Nagler, T. (2014). Kernel Methods for Vine Copula Estimation. Master's Thesis, Technische Universitaet Muenchen, https://mediatum.ub.tum.de/node?id=1231221

---

Bandwidth selection for the transformation local likelihood estimator

Description

The bandwidth is selected by a rule of thumb similar to bw_t.

Usage

bw_tll(udata, deg)

Arguments

udata	data.
deg	degree of the polynomial.

Details

The formula is

$5 n^{-1 / (4q + 2)} \hat{\Sigma}^{1/2},$

where $\hat{Sigma}$ is empirical covariance matrix of the transformed random vector and $q = 1$ for TLL1 and $q = 2$ for TLL2.

Value

A 2 x 2 bandwidth matrix.

---

Nearest-neighbor bandwidth selection for the transformation local likelihood estimator

Description

The smoothing parameters is selected by the method of Geenens et al. (2017). It uses principal components for the rotation matrix and selects the nearest neighbor fraction along each principal direction by approximate least-squares cross-validation.

Usage

bw_tll_nn(udata, deg)

Arguments

udata	data.
deg	degree of the polynomial.

Value

A list with entries:

B

rotation matrix,

alpha

nearest neighbor fraction (this one is multiplied with mult in kdecop()),

kappa

correction factor for differences in roughness along the axes,

see Geenens et al. (2017).

References

Geenens, G., Charpentier, A., and Paindaveine, D. (2017). Probit transformation for nonparametric kernel estimation of the copula density. Bernoulli, 23(3), 1848-1873.

---

Nearest-neighbor bandwidth selection for the tapered transformation estimator

Description

The smoothing parameters are selected by the method of Wen and Wu (2015).

Usage

bw_tt_pi(udata, rho.add = TRUE)

bw_tt_cv(udata, rho.add = T)

Arguments

udata	data.
rho.add	logical; whether a rotation (correlation) parameter shall be included.

Value

Optimal smoothing parameters as in Wen and Wu (2015): a numeric vector of length 4; entries are $(h, \rho, \theta_1, \theta_2)$.

Author(s)

Kuangyu Wen

References

Wen, K. and Wu, X. (2015). Transformation-Kernel Estimation of the Copula Density, Working paper, http://agecon2.tamu.edu/people/faculty/wu-ximing/agecon2/public/copula.pdf

---

Dependence measures of a kdecop() fit

Description

Calculates several dependence measures derived from the copula density. All measures except "blomqvist" are computed by quasi Monte Carlo methods (see rkdecop().

Usage

dep_measures(object, measures = "all", n_qmc = 10^3, seed = 5)

Arguments

object	an object of class kdecopula.
measures	which measures to compute, see Details.
n_qmc	the number of quasi Monte Carlo samples.
seed	the seed for quasi Monte Carlo integration.

Value

A named vector of dependence measures.

The following measures are available:

"kendall"

Kendall's $\tau$, see Nelsen (2007); computed as the sample version of a quasi Monte Carlo sample.

"spearman"

Spearman's $\rho$, see Nelsen (2007); computed as the sample version of a quasi Monte Carlo sample.

"blomqvist"

Blomqvist's $\beta$, see Nelsen (2007); computed as $4C(0.5, 0.5) - 1$.

"gini"

Gini's $\gamma$, see Nelsen (2007); computed by quasi Monte Carlo integration.

"vd_waerden"

van der Waerden's coefficient, see Genest and Verret (2005); computed as the sample version of a quasi Monte Carlo sample.

"minfo"

mutual information, see Joe (1989); computed by quasi Monte Carlo integration.

"linfoot"

Linfoot's correlation coefficient, see Joe (1989); computed by quasi Monte Carlo integration.

References

Nelsen, R. (2007). An introduction to copulas. Springer Science & Business Media, 2007.
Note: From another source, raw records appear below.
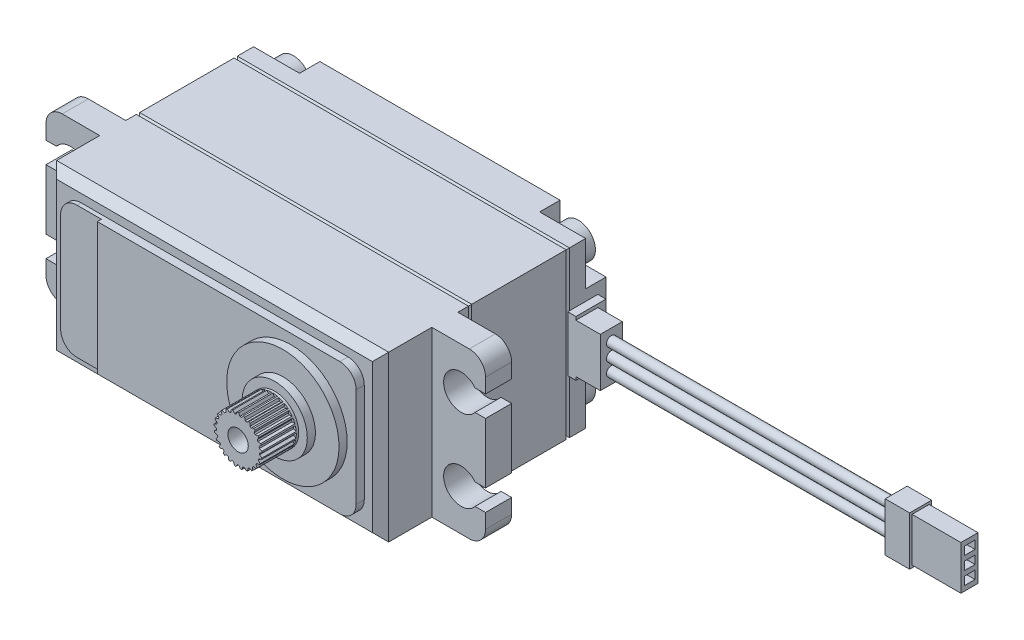
from build123d import *

# Parameters (mm, degrees)
SKETCH_1_W          = 40.8
SKETCH_1_H          = 20.2
EXTRUDE_1_DEPTH     = 4.7
CHAMFER_1_SIZE      = 0.2
SKETCH_2_W          = 40.8
SKETCH_2_H          = 20.2
EXTRUDE_2_DEPTH     = 12
CHAMFER_5_SIZE      = 0.2
SKETCH_3_W          = 40.8
SKETCH_3_H          = 20.2
EXTRUDE_3_DEPTH     = 11
CHAMFER_6_SIZE      = 0.2
CHAMFER_3_SIZE      = 1
CHAMFER_4_SIZE      = 0.2
SKETCH_4_R          = 6.9
EXTRUDE_4_DEPTH     = 2
SKETCH_5_R          = 4
EXTRUDE_5_DEPTH     = 1
SKETCH_6_R          = 2.95
EXTRUDE_6_DEPTH     = 4.5
SKETCH_7_R          = 1.25
CUT_EXTRUDE_1_DEPTH = 5
CUT_EXTRUDE_2_DEPTH = 4.2
EXTRUDE_7_DEPTH     = 3.2
FILLET_1_R          = 2
SKETCH_10_W         = 36.8
SKETCH_10_H         = 16.2
SKETCH_10_R         = 6.9
EXTRUDE_8_DEPTH     = 1
SKETCH_11_W         = 5
SKETCH_11_H         = 16.2
CUT_EXTRUDE_3_DEPTH = 0.5
FILLET_2_R          = 2
SKETCH_12_W         = 3.7
SKETCH_12_H         = 6.8
EXTRUDE_9_DEPTH     = 1
SKETCH_13_W         = 2.7
SKETCH_13_H         = 6
EXTRUDE_10_DEPTH    = 3
SKETCH_14_R         = 0.6
EXTRUDE_11_DEPTH    = 35
SKETCH_15_W         = 2.7
SKETCH_15_H         = 6
EXTRUDE_12_DEPTH    = 3
SKETCH_16_W         = 2.1
SKETCH_16_H         = 5.4
SKETCH_16_W_2       = 1.300246416
SKETCH_16_H_2       = 1
EXTRUDE_13_DEPTH    = 6
SKETCH_17_R         = 1
CUT_EXTRUDE_4_DEPTH = 2.5
SKETCH_18_R         = 1
CUT_EXTRUDE_5_DEPTH = 2.5
SKETCH_19_R         = 2.1
EXTRUDE_14_DEPTH    = 2


with BuildPart() as part:
    # 草图1 → 凸台-拉伸1 (new body)
    with BuildSketch(Plane.XY):
        Rectangle(SKETCH_1_W, SKETCH_1_H)
    extrude(amount=EXTRUDE_1_DEPTH)

    # 倒角1
    chamfer_1_edges = [part.edges().sort_by_distance(p)[0] for p in [
        (0, -10.1, 4.7),
        (20.4, 0, 4.7),
        (-20.4, 0, 4.7),
        (0, 10.1, 4.7),
    ]]
    chamfer(chamfer_1_edges, length=CHAMFER_1_SIZE)



with BuildPart() as body_2:
    # 草图2 → 凸台-拉伸2 (new body)
    with BuildSketch(Plane.XY.offset(4.7)):
        Rectangle(SKETCH_2_W, SKETCH_2_H)
    extrude(amount=EXTRUDE_2_DEPTH)

    # 倒角5
    chamfer_5_edges = [body_2.edges().sort_by_distance(p)[0] for p in [
        (0, -10.1, 16.7),
        (20.4, 0, 16.7),
        (-20.4, 0, 16.7),
        (0, 10.1, 16.7),
    ]]
    chamfer(chamfer_5_edges, length=CHAMFER_5_SIZE)

    # 倒角4
    chamfer_4_edges = [body_2.edges().sort_by_distance(p)[0] for p in [
        (0, 10.1, 4.7),
        (20.4, 0, 4.7),
        (0, -10.1, 4.7),
        (-20.4, 0, 4.7),
    ]]
    chamfer(chamfer_4_edges, length=CHAMFER_4_SIZE)


with BuildPart() as body_3:
    # 草图3 → 凸台-拉伸3 (new body)
    with BuildSketch(Plane.XY.offset(16.7)):
        Rectangle(SKETCH_3_W, SKETCH_3_H)
    extrude(amount=EXTRUDE_3_DEPTH)

    # 倒角6
    chamfer_6_edges = [body_3.edges().sort_by_distance(p)[0] for p in [
        (0, 10.1, 16.7),
        (20.4, 0, 16.7),
        (-20.4, 0, 16.7),
        (0, -10.1, 16.7),
    ]]
    chamfer(chamfer_6_edges, length=CHAMFER_6_SIZE)

    # 倒角3
    chamfer_3_edges = [body_3.edges().sort_by_distance(p)[0] for p in [
        (20.4, 0, 27.7),
        (0, -10.1, 27.7),
        (-20.4, 0, 27.7),
        (0, 10.1, 27.7),
    ]]
    chamfer(chamfer_3_edges, length=CHAMFER_3_SIZE)

    # 草图4 → 凸台-拉伸4 (add)
    with BuildSketch(Plane.XY.offset(27.7)):
        with Locations((10.4, 0)):
            Circle(SKETCH_4_R)
    extrude(amount=EXTRUDE_4_DEPTH)

    # 草图5 → 凸台-拉伸5 (add)
    with BuildSketch(Plane.XY.offset(29.7)):
        with Locations((10.4, 0)):
            Circle(SKETCH_5_R)
    extrude(amount=EXTRUDE_5_DEPTH)

    # 草图6 → 凸台-拉伸6 (add)
    with BuildSketch(Plane.XY.offset(30.7)):
        with Locations((10.4, 0)):
            Circle(SKETCH_6_R)
    extrude(amount=EXTRUDE_6_DEPTH)

    # 草图7 → 切除-拉伸1 (cut)
    with BuildSketch(Plane.XY.offset(35.2)):
        with Locations((10.4, 0)):
            Circle(SKETCH_7_R)
    extrude(amount=-CUT_EXTRUDE_1_DEPTH, mode=Mode.SUBTRACT)

    # 草图8 → 切除-拉伸2 (cut)
    with BuildSketch(Plane.XY.offset(35.2)):
        with BuildLine():
            Line((11.036355222, 2.880547176), (10.812882687, 2.613339954))
            ThreePointArc((10.812882687, 2.613339954), (10.718629565, 2.62690868), (10.623963172, 2.637206039))
            Line((10.623963172, 2.637206039), (10.475180758, 2.949041853))
            ThreePointArc((10.475180758, 2.949041853), (10.757412567, 2.928268474), (11.036355222, 2.880547176))
        make_face()
        with BuildLine():
            Line((10.3, 2.948304598), (10.15, 2.633916823))
            ThreePointArc((10.15, 2.633916823), (10.055333608, 2.623619464), (9.961080485, 2.610050738))
            Line((9.961080485, 2.610050738), (9.739421931, 2.875088975))
            ThreePointArc((9.739421931, 2.875088975), (10.017953037, 2.925156426), (10.3, 2.948304598))
        make_face()
        with BuildLine():
            Line((11.732725904, 2.631794381), (11.449822437, 2.428557325))
            ThreePointArc((11.449822437, 2.428557325), (11.361904854, 2.465139563), (11.27277343, 2.498655986))
            Line((11.27277343, 2.498655986), (11.206215702, 2.837695587))
            ThreePointArc((11.206215702, 2.837695587), (11.47441455, 2.747386645), (11.732725904, 2.631794381))
        make_face()
        with BuildLine():
            Line((12.345356517, 2.217676266), (12.020797982, 2.091179508))
            ThreePointArc((12.020797982, 2.091179508), (11.944740124, 2.148476661), (11.866744123, 2.203106188))
            Line((11.866744123, 2.203106188), (11.886593149, 2.54804647))
            ThreePointArc((11.886593149, 2.54804647), (12.123907116, 2.393876408), (12.345356517, 2.217676266))
        make_face()
        with BuildLine():
            Line((12.835753225, 1.664213396), (12.489932828, 1.622405191))
            ThreePointArc((12.489932828, 1.622405191), (12.430513691, 1.696817069), (12.368553888, 1.769127125))
            Line((12.368553888, 1.769127125), (12.47356248, 2.098294222))
            ThreePointArc((12.47356248, 2.098294222), (12.665080258, 1.889950112), (12.835753225, 1.664213396))
        make_face()
        with BuildLine():
            Line((13.1731026, 1.006181877), (12.827749509, 1.051689189))
            ThreePointArc((12.827749509, 1.051689189), (12.788702615, 1.13854022), (12.746672173, 1.223987299))
            Line((12.746672173, 1.223987299), (12.930242255, 1.516698431))
            ThreePointArc((12.930242255, 1.516698431), (13.063930076, 1.2672713), (13.1731026, 1.006181877))
        make_face()
        with BuildLine():
            Line((13.33620774, 0.28492825), (13.01302176, 0.414891688))
            ThreePointArc((13.01302176, 0.414891688), (12.996800569, 0.508724701), (12.977340415, 0.601939849))
            Line((12.977340415, 0.601939849), (13.227937603, 0.8398029))
            ThreePointArc((13.227937603, 0.8398029), (13.295395371, 0.564965172), (13.33620774, 0.28492825))
        make_face()
        with BuildLine():
            Line((13.314820149, -0.454228466), (13.034108243, -0.247974984))
            ThreePointArc((13.034108243, -0.247974984), (13.041731992, -0.153055861), (13.04606488, -0.057929695))
            Line((13.04606488, -0.057929695), (13.347943232, 0.110139464))
            ThreePointArc((13.347943232, 0.110139464), (13.344932326, -0.172839796), (13.314820149, -0.454228466))
        make_face()
        with BuildLine():
            Line((13.110283688, -1.164844338), (12.889684018, -0.895260476))
            ThreePointArc((12.889684018, -0.895260476), (12.920673679, -0.805219361), (12.948527356, -0.714159303))
            Line((12.948527356, -0.714159303), (13.282718745, -0.626444439))
            ThreePointArc((13.282718745, -0.626444439), (13.209428352, -0.899784604), (13.110283688, -1.164844338))
        make_face()
        with BuildLine():
            Line((12.735450135, -1.802268755), (12.58882379, -1.486293459))
            ThreePointArc((12.58882379, -1.486293459), (12.641232168, -1.406787967), (12.690856486, -1.325515656))
            Line((12.690856486, -1.325515656), (13.036362438, -1.323666535))
            ThreePointArc((13.036362438, -1.323666535), (12.897397663, -1.570192636), (12.735450135, -1.802268755))
        make_face()
        with BuildLine():
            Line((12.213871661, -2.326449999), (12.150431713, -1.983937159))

Genest, C., and Verret, F. (2005). Locally most powerful rank tests of independence for copula models. Journal of Nonparametric Statistics, 17(5)

Joe, H. (1989). Relative Entropy Measures of Multivariate Dependence. Journal of the American Statistical Association, 84(405)

Examples

## load data and transform with empirical cdf
data(wdbc)
udat <- apply(wdbc[, -1], 2, function(x) rank(x) / (length(x) + 1))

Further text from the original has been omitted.